WHAT TO DO
Below are entries. Reproduce exactly the lines between the line holding "line L4 (2.5, 2.75) -> (0, 2.75)" and the line holding "side to cut", inclusive, and only those.
Top of RECORDS FOR THIS EXERCISE
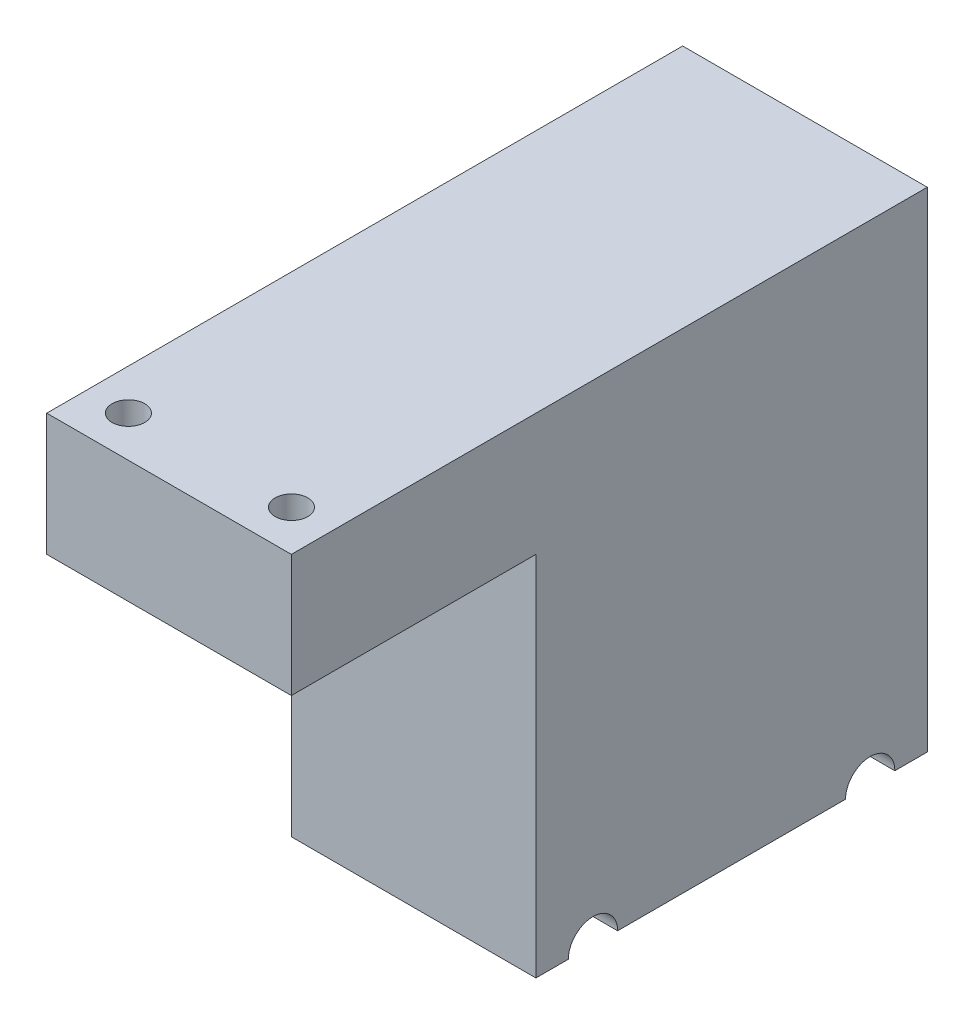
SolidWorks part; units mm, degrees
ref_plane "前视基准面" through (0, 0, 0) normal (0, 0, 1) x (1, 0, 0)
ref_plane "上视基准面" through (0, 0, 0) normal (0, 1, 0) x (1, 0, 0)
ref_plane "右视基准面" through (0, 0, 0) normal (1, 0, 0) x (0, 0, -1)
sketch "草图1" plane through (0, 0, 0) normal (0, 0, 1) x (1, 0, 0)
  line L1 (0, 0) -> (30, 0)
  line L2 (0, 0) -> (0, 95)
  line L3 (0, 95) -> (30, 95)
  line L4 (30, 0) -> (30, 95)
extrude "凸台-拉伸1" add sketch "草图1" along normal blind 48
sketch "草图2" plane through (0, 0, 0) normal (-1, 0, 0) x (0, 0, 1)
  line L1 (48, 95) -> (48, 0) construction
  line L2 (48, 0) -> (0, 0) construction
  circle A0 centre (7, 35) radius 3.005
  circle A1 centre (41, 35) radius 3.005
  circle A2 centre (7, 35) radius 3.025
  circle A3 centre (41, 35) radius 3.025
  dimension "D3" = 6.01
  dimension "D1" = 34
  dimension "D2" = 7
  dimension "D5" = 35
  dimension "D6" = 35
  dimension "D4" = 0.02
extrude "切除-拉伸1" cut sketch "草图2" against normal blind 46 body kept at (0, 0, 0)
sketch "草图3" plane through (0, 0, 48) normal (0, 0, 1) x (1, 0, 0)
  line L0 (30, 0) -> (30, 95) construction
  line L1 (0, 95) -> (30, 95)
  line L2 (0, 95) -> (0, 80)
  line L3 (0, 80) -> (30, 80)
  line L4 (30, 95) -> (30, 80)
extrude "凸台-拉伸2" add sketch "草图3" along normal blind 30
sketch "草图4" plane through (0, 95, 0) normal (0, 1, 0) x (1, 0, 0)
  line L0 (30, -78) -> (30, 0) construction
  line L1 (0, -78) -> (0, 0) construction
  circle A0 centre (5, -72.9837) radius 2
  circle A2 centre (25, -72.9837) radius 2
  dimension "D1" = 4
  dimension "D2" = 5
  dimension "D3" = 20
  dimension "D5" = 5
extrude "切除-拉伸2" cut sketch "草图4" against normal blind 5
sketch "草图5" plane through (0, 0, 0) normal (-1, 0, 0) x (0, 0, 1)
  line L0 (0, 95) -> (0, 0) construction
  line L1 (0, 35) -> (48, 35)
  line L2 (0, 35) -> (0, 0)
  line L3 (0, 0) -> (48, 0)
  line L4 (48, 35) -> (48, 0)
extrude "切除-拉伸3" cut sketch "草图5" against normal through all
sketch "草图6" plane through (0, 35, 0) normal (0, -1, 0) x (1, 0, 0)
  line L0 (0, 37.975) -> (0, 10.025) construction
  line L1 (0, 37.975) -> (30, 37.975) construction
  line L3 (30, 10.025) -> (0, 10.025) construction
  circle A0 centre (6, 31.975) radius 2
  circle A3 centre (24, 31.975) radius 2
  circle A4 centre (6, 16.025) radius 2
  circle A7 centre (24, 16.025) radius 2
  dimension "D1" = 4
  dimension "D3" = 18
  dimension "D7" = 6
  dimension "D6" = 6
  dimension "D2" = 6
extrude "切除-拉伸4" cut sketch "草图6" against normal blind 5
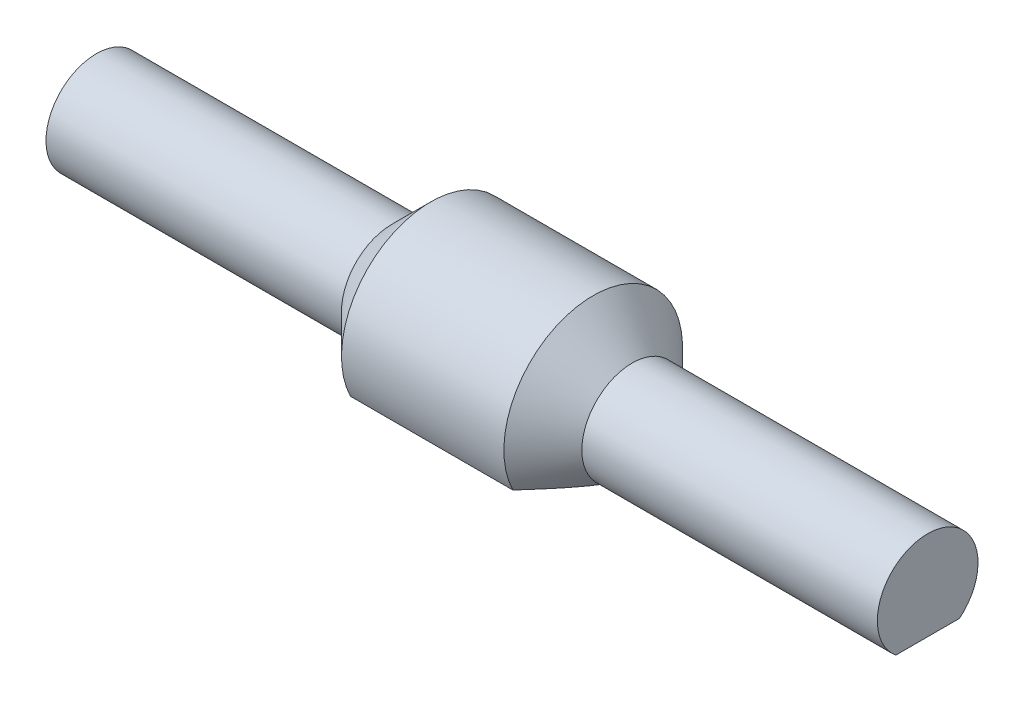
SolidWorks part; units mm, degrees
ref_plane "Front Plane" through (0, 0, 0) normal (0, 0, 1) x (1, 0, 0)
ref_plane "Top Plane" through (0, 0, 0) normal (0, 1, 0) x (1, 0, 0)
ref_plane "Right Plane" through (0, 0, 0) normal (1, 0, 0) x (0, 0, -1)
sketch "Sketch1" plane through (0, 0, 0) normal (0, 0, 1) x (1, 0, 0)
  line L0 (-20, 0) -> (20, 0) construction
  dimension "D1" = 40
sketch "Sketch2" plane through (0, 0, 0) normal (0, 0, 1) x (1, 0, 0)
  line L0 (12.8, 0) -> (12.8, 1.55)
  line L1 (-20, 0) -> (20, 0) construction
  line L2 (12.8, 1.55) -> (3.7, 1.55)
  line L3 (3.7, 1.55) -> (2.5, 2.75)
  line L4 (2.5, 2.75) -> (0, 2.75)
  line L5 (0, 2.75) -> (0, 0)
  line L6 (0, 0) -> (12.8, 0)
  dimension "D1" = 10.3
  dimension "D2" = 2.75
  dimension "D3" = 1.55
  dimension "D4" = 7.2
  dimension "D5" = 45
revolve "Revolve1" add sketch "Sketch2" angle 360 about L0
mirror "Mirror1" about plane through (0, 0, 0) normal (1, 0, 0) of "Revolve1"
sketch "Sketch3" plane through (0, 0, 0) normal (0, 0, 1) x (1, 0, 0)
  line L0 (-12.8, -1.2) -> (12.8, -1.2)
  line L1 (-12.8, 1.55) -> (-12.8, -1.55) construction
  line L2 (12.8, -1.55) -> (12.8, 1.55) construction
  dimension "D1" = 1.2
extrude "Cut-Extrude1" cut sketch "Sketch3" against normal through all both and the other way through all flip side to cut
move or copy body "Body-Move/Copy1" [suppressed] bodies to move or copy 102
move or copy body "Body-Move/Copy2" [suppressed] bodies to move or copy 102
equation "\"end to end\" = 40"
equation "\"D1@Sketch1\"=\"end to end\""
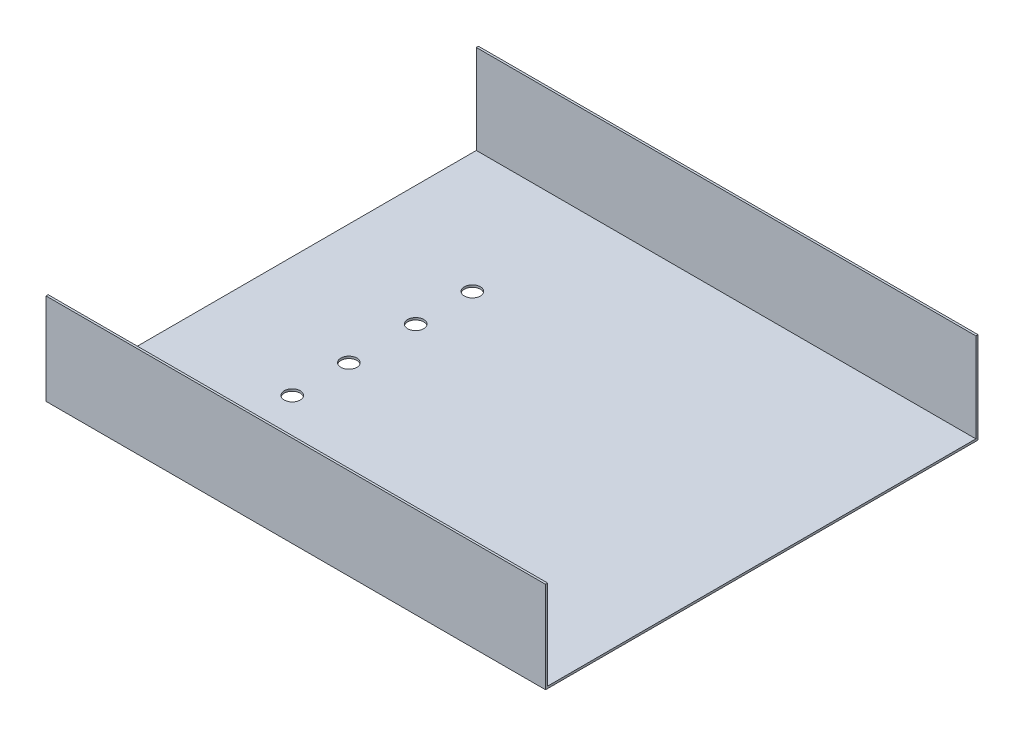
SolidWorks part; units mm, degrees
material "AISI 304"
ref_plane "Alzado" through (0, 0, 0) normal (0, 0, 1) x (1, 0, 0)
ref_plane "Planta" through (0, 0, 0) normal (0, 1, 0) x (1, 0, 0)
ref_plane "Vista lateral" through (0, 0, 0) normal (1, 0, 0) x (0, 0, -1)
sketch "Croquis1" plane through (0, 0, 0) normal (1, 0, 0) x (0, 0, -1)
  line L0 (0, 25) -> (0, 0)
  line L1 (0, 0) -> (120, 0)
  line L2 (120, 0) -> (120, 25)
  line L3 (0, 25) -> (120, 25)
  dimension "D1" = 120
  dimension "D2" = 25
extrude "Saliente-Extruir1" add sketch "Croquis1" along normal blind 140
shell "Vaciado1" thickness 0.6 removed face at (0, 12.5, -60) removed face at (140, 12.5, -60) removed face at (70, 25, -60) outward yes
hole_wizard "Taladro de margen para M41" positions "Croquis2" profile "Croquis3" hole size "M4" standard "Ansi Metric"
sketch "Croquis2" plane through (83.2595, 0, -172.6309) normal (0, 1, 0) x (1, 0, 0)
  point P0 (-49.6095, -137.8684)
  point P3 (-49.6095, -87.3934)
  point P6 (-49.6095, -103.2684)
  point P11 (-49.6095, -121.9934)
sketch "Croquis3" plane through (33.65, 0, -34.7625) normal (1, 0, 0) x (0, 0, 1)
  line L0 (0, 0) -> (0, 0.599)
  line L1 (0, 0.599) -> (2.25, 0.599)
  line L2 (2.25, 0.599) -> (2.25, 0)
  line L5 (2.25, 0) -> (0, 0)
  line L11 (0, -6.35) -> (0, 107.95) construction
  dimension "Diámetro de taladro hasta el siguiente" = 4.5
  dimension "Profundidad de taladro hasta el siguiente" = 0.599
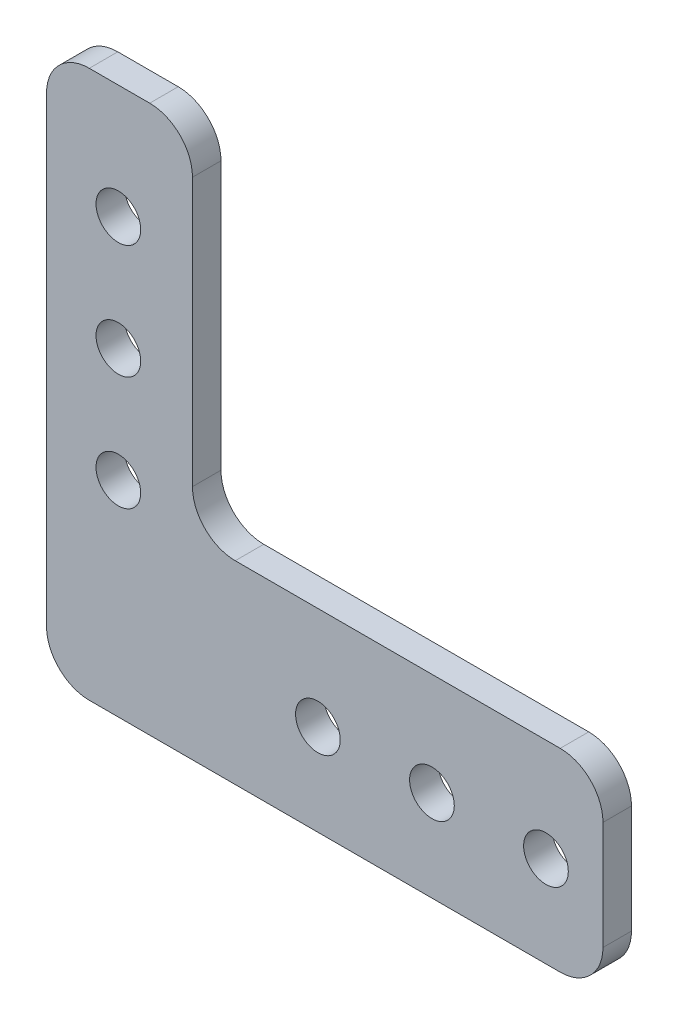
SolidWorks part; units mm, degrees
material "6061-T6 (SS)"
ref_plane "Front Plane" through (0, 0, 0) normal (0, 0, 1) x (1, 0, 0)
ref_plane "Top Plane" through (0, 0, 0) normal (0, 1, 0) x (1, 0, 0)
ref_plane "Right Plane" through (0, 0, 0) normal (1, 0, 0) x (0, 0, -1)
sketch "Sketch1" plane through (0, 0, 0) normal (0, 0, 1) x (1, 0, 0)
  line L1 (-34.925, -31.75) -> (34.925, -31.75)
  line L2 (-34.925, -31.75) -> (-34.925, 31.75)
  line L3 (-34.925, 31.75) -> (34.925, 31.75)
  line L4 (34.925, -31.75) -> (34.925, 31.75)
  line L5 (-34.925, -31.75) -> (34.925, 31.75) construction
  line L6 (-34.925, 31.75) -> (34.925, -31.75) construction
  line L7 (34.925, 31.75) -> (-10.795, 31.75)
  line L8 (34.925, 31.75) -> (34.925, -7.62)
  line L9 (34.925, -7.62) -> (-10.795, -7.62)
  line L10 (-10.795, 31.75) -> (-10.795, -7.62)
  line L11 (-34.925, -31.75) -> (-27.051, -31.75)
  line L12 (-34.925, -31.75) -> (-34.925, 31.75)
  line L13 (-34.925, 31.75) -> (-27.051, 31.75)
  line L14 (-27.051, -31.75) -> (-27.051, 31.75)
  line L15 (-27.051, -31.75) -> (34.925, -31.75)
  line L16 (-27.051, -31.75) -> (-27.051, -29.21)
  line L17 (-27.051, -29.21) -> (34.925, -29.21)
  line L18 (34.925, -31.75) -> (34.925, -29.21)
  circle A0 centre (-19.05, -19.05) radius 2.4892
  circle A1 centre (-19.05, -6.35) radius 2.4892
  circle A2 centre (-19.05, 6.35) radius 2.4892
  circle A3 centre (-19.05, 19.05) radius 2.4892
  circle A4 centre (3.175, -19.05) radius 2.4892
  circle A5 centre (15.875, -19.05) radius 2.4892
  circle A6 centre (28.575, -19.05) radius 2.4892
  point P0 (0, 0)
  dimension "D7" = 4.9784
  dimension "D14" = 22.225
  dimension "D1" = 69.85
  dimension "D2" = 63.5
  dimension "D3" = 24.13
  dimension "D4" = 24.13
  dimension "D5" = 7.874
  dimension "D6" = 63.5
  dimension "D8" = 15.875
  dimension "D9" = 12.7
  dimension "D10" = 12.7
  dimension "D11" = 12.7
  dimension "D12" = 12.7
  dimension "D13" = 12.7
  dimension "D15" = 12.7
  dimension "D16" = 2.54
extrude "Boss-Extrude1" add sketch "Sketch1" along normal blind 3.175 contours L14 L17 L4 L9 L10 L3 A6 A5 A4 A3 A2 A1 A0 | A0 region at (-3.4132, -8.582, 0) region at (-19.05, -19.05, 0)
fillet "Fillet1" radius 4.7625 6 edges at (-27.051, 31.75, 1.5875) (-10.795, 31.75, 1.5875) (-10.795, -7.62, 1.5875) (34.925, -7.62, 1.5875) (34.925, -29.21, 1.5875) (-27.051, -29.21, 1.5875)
Bottom of RECORDS FOR THIS EXERCISE
RESPONSE FOR THIS EXERCISE
  line L4 (2.5, 2.75) -> (0, 2.75)
  line L5 (0, 2.75) -> (0, 0)
  line L6 (0, 0) -> (12.8, 0)
  dimension "D1" = 10.3
  dimension "D2" = 2.75
  dimension "D3" = 1.55
  dimension "D4" = 7.2
  dimension "D5" = 45
revolve "Revolve1" add sketch "Sketch2" angle 360 about L0
mirror "Mirror1" about plane through (0, 0, 0) normal (1, 0, 0) of "Revolve1"
sketch "Sketch3" plane through (0, 0, 0) normal (0, 0, 1) x (1, 0, 0)
  line L0 (-12.8, -1.2) -> (12.8, -1.2)
  line L1 (-12.8, 1.55) -> (-12.8, -1.55) construction
  line L2 (12.8, -1.55) -> (12.8, 1.55) construction
  dimension "D1" = 1.2
extrude "Cut-Extrude1" cut sketch "Sketch3" against normal through all both and the other way through all flip side to cut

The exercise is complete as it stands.